WHAT IS NEEDED =
From the entries, copy every line that carries the string "blocks".

::::

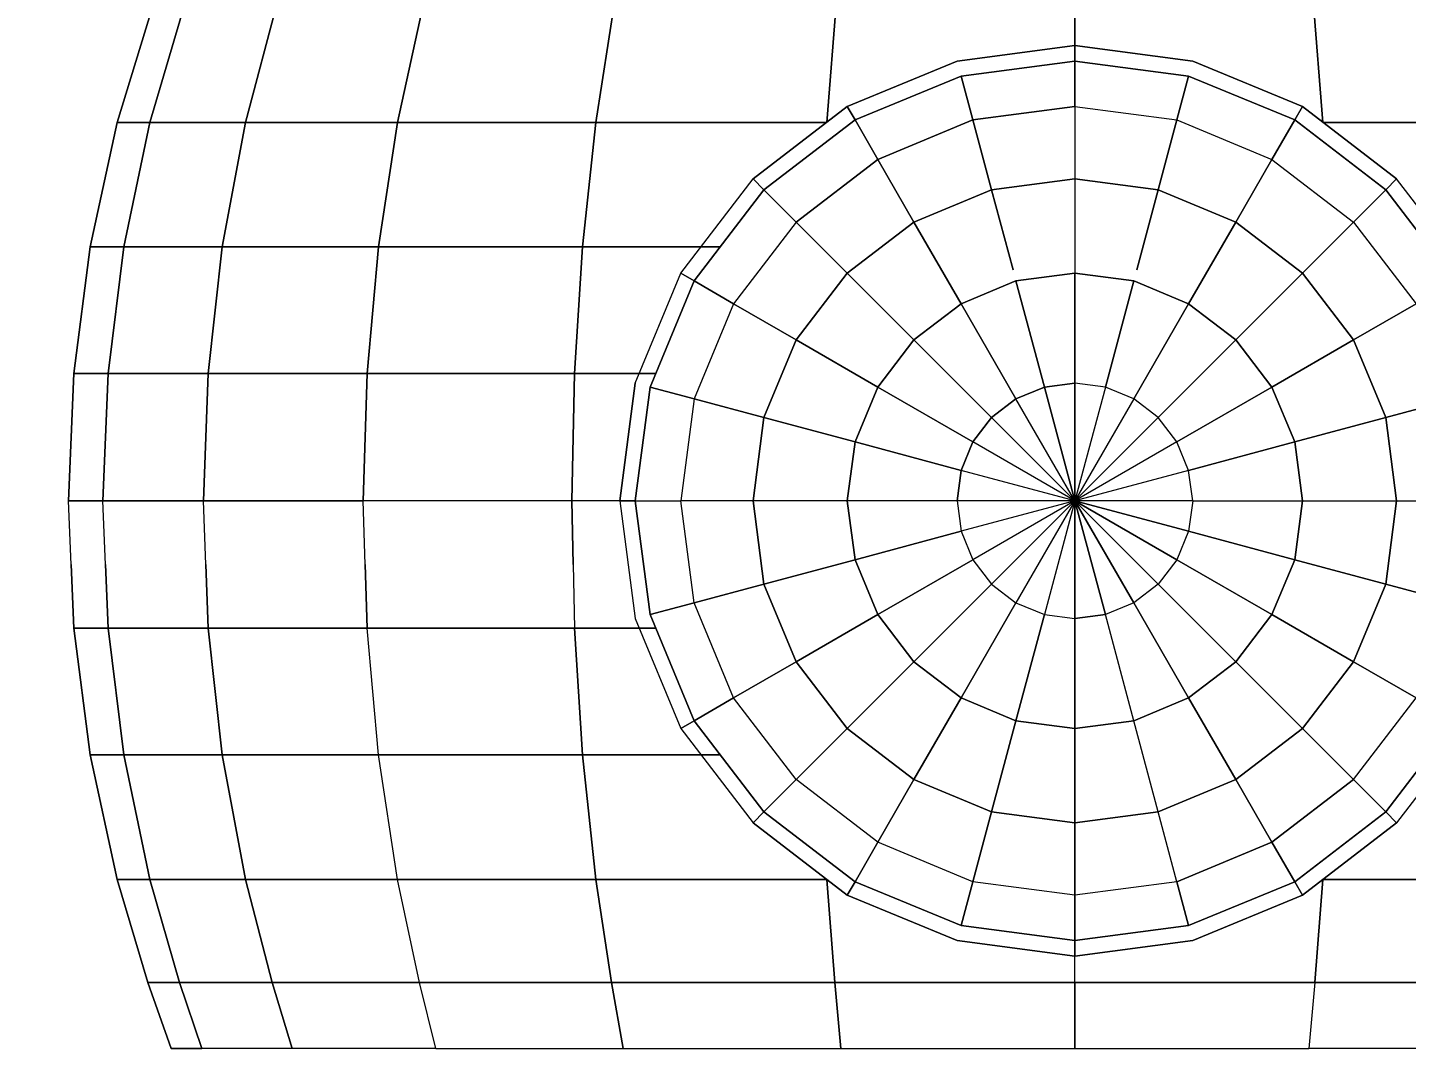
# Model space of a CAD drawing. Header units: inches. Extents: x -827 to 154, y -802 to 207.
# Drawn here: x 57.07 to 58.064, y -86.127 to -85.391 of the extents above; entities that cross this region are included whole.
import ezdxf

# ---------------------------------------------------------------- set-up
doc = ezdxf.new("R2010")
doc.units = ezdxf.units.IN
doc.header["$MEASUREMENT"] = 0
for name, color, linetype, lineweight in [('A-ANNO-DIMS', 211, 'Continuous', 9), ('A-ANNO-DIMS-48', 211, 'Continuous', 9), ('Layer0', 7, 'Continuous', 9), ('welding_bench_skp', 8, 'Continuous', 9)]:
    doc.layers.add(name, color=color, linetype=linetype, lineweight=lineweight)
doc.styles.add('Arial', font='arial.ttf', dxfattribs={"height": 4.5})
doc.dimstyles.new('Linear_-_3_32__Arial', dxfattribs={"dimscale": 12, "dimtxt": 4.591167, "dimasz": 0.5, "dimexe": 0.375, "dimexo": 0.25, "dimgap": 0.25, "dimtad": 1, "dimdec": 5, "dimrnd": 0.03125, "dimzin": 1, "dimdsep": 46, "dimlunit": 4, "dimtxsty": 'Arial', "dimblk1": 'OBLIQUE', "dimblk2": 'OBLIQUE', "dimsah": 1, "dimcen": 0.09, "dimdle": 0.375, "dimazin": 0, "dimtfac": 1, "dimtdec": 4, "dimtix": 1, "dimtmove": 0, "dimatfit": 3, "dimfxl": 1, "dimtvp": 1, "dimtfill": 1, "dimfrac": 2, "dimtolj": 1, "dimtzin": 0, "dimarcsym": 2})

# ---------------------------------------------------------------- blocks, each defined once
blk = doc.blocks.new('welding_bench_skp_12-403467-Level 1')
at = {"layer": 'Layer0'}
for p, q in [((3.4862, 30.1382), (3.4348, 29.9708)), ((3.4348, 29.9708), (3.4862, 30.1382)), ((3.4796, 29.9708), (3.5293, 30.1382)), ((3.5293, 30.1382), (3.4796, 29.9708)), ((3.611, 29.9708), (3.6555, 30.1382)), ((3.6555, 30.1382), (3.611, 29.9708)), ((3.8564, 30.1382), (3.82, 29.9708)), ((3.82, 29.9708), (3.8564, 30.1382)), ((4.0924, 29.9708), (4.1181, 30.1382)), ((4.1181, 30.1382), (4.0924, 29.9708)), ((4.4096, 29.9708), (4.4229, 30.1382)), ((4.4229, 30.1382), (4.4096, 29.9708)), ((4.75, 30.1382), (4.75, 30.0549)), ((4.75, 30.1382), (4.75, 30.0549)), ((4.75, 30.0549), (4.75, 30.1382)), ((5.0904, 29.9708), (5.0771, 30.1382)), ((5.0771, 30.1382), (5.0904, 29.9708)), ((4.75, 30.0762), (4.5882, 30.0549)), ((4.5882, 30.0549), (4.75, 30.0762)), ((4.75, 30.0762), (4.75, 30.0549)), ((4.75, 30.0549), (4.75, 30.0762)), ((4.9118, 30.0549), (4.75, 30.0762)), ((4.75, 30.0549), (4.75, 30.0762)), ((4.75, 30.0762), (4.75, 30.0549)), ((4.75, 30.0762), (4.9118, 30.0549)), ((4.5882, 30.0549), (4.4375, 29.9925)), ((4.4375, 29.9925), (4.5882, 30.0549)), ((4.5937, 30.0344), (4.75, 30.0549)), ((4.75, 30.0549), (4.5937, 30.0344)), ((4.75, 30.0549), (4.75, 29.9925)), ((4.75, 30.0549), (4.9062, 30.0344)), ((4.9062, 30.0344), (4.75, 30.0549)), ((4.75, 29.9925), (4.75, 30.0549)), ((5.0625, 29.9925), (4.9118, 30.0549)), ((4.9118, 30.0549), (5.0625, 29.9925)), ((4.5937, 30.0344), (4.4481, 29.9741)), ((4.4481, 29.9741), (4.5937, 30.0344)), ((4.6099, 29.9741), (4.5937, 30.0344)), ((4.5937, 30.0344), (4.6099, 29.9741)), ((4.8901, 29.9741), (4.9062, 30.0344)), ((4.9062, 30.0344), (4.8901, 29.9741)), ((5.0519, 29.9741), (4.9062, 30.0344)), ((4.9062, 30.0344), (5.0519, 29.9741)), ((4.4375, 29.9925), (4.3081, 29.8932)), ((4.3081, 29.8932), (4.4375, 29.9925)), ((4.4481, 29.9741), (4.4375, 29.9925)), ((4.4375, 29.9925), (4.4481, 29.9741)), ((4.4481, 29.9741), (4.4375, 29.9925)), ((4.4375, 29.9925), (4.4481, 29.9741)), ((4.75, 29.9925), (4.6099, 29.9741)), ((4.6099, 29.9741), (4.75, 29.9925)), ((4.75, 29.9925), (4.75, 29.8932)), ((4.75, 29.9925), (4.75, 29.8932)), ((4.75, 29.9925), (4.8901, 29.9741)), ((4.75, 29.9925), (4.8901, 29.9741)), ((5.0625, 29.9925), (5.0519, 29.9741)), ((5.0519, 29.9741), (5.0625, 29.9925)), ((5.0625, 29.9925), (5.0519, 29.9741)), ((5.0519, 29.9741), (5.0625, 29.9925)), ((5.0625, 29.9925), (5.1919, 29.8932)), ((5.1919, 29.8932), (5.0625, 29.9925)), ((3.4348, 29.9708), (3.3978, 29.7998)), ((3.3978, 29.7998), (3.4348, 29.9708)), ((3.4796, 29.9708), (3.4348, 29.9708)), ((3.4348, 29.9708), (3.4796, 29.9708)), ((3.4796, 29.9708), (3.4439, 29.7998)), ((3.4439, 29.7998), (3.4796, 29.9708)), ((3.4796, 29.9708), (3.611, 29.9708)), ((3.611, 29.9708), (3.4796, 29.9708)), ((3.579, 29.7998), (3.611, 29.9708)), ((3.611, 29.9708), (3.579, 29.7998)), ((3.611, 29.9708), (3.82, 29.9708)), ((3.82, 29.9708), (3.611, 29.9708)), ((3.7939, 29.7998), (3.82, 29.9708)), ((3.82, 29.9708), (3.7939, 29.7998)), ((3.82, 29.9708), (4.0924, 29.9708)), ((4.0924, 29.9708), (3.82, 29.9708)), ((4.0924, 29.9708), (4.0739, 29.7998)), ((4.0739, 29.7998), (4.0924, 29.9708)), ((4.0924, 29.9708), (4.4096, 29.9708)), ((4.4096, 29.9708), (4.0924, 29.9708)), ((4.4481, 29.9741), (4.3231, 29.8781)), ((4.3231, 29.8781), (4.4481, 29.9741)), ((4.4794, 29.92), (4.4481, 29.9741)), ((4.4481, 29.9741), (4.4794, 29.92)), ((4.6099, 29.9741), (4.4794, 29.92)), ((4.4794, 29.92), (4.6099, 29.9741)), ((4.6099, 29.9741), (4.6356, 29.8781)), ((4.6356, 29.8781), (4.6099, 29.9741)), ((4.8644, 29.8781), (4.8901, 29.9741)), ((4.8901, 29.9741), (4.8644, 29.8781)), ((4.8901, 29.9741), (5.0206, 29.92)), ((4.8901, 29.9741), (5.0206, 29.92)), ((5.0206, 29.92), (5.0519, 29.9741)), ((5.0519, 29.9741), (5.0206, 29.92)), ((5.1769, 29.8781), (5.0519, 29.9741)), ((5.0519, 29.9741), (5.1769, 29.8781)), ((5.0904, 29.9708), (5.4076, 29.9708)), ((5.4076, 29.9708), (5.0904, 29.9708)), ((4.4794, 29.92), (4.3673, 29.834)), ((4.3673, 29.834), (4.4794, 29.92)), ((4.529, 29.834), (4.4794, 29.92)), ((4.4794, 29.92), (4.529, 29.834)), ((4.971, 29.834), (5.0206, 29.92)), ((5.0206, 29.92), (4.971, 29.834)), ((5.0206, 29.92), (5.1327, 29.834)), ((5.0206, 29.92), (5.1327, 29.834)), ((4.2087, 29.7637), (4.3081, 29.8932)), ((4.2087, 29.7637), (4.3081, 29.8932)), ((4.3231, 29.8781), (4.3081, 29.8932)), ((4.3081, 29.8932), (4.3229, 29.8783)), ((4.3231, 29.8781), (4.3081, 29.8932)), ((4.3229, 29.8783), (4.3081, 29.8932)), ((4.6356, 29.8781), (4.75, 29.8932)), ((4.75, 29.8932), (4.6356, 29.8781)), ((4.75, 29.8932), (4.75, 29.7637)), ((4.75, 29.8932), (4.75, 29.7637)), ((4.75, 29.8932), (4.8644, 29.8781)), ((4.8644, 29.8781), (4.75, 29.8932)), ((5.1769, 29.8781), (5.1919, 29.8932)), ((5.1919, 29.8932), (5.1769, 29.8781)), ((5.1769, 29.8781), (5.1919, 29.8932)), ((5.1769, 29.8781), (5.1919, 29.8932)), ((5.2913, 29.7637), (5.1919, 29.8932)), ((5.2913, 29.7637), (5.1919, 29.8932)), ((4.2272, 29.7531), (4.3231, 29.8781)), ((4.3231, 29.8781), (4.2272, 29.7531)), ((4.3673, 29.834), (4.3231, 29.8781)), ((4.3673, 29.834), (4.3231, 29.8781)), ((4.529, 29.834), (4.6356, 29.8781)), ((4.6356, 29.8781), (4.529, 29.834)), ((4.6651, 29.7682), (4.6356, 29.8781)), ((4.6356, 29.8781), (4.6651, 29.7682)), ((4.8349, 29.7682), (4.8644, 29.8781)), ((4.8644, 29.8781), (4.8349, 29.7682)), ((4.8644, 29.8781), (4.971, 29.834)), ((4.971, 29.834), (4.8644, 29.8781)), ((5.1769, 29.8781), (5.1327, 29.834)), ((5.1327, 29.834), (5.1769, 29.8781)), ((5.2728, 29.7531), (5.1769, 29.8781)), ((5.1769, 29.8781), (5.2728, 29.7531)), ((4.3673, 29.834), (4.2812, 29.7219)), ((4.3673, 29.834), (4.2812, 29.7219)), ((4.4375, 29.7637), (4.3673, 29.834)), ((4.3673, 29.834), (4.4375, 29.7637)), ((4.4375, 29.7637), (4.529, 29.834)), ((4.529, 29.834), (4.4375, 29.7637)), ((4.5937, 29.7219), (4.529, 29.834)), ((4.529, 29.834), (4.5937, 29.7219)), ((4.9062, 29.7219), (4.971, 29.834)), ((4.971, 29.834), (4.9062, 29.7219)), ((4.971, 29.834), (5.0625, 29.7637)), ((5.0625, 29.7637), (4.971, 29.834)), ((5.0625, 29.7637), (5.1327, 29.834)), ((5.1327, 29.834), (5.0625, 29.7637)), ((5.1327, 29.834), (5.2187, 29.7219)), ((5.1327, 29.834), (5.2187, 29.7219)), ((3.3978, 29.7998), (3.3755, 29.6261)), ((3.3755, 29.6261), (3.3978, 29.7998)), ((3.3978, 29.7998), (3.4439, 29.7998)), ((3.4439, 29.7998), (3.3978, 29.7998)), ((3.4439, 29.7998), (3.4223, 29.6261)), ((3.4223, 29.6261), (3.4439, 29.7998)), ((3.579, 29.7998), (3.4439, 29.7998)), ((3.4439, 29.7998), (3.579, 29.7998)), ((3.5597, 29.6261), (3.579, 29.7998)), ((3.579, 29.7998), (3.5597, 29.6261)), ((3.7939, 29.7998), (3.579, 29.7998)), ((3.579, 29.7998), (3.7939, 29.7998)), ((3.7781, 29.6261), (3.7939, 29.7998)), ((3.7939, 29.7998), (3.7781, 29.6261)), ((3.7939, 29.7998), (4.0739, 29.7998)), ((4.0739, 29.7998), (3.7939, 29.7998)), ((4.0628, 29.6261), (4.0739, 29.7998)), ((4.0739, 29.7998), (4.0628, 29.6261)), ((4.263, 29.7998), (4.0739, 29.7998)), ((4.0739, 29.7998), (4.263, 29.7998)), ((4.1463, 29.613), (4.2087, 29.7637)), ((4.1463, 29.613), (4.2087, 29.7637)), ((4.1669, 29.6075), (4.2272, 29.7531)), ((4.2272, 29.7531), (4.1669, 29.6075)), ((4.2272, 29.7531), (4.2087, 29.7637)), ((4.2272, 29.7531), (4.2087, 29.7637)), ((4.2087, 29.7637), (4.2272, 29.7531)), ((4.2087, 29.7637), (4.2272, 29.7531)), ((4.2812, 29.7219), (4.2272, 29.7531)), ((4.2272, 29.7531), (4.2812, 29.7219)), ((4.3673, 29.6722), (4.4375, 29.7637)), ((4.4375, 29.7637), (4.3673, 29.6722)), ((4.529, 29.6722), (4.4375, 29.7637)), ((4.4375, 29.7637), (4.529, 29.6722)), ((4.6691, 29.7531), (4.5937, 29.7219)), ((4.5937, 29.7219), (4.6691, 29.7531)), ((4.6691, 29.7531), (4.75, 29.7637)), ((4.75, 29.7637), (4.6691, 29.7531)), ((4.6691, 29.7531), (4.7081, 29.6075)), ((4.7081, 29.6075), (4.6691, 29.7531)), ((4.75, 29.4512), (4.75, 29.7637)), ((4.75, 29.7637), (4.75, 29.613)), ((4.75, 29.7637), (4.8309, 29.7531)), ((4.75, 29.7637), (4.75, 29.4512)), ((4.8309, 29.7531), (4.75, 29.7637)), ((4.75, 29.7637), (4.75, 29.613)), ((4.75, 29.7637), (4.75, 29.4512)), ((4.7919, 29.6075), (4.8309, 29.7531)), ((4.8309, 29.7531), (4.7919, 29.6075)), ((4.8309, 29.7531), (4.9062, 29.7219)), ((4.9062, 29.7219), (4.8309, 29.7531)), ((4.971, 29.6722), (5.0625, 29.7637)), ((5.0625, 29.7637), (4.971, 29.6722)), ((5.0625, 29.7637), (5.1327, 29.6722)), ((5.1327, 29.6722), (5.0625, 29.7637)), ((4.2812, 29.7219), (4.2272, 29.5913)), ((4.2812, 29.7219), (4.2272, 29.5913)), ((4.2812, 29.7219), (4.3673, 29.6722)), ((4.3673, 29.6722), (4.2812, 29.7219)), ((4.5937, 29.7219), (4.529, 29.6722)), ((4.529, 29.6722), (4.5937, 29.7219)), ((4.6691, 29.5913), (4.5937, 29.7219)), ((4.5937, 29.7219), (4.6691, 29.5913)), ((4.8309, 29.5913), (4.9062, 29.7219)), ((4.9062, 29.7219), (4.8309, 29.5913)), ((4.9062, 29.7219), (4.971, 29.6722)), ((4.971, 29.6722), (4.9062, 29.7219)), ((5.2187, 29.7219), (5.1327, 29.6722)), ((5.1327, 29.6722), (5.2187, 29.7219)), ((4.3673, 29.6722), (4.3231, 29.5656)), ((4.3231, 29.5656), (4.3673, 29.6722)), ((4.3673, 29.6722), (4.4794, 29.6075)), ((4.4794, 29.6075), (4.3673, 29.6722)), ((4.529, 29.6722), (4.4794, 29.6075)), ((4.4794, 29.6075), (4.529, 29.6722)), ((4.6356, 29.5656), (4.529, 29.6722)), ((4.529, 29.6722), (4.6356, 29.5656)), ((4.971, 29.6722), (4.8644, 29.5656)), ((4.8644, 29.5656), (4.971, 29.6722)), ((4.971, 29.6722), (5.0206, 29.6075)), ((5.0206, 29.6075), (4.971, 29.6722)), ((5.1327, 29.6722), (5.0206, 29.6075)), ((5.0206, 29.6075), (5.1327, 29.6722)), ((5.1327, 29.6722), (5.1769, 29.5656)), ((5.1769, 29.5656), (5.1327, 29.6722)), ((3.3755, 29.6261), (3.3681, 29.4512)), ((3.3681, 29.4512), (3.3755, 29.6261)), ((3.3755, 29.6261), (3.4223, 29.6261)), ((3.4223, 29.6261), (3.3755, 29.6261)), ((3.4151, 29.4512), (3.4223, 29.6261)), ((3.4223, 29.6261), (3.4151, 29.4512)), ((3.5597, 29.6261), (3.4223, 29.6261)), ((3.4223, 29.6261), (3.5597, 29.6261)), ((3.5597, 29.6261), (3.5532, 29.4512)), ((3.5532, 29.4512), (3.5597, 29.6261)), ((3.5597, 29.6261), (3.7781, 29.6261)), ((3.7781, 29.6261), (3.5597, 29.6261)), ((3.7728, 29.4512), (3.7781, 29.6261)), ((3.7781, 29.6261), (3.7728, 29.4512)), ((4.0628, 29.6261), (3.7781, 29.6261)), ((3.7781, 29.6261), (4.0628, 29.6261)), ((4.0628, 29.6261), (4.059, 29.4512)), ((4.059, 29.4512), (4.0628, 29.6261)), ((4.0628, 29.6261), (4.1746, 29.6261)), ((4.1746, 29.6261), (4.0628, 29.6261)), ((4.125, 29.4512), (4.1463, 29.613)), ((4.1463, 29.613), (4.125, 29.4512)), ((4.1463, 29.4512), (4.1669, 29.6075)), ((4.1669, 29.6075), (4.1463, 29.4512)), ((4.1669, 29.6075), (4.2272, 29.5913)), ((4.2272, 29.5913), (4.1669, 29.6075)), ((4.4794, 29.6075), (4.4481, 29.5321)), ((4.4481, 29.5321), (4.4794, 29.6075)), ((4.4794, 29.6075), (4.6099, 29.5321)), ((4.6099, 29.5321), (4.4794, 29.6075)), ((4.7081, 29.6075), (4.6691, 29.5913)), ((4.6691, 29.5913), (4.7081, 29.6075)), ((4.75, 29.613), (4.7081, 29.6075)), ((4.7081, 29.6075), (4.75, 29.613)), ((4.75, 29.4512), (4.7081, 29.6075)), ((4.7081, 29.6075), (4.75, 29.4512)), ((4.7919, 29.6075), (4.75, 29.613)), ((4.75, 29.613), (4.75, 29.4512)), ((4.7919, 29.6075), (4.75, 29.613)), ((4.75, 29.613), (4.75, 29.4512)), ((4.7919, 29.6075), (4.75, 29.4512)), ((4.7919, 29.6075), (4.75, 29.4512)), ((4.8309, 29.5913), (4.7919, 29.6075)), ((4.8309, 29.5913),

::::

RESPONSE TO THIS TASK =
# ---------------------------------------------------------------- blocks, each defined once
blk = doc.blocks.new('welding_bench_skp_12-403467-Level 1')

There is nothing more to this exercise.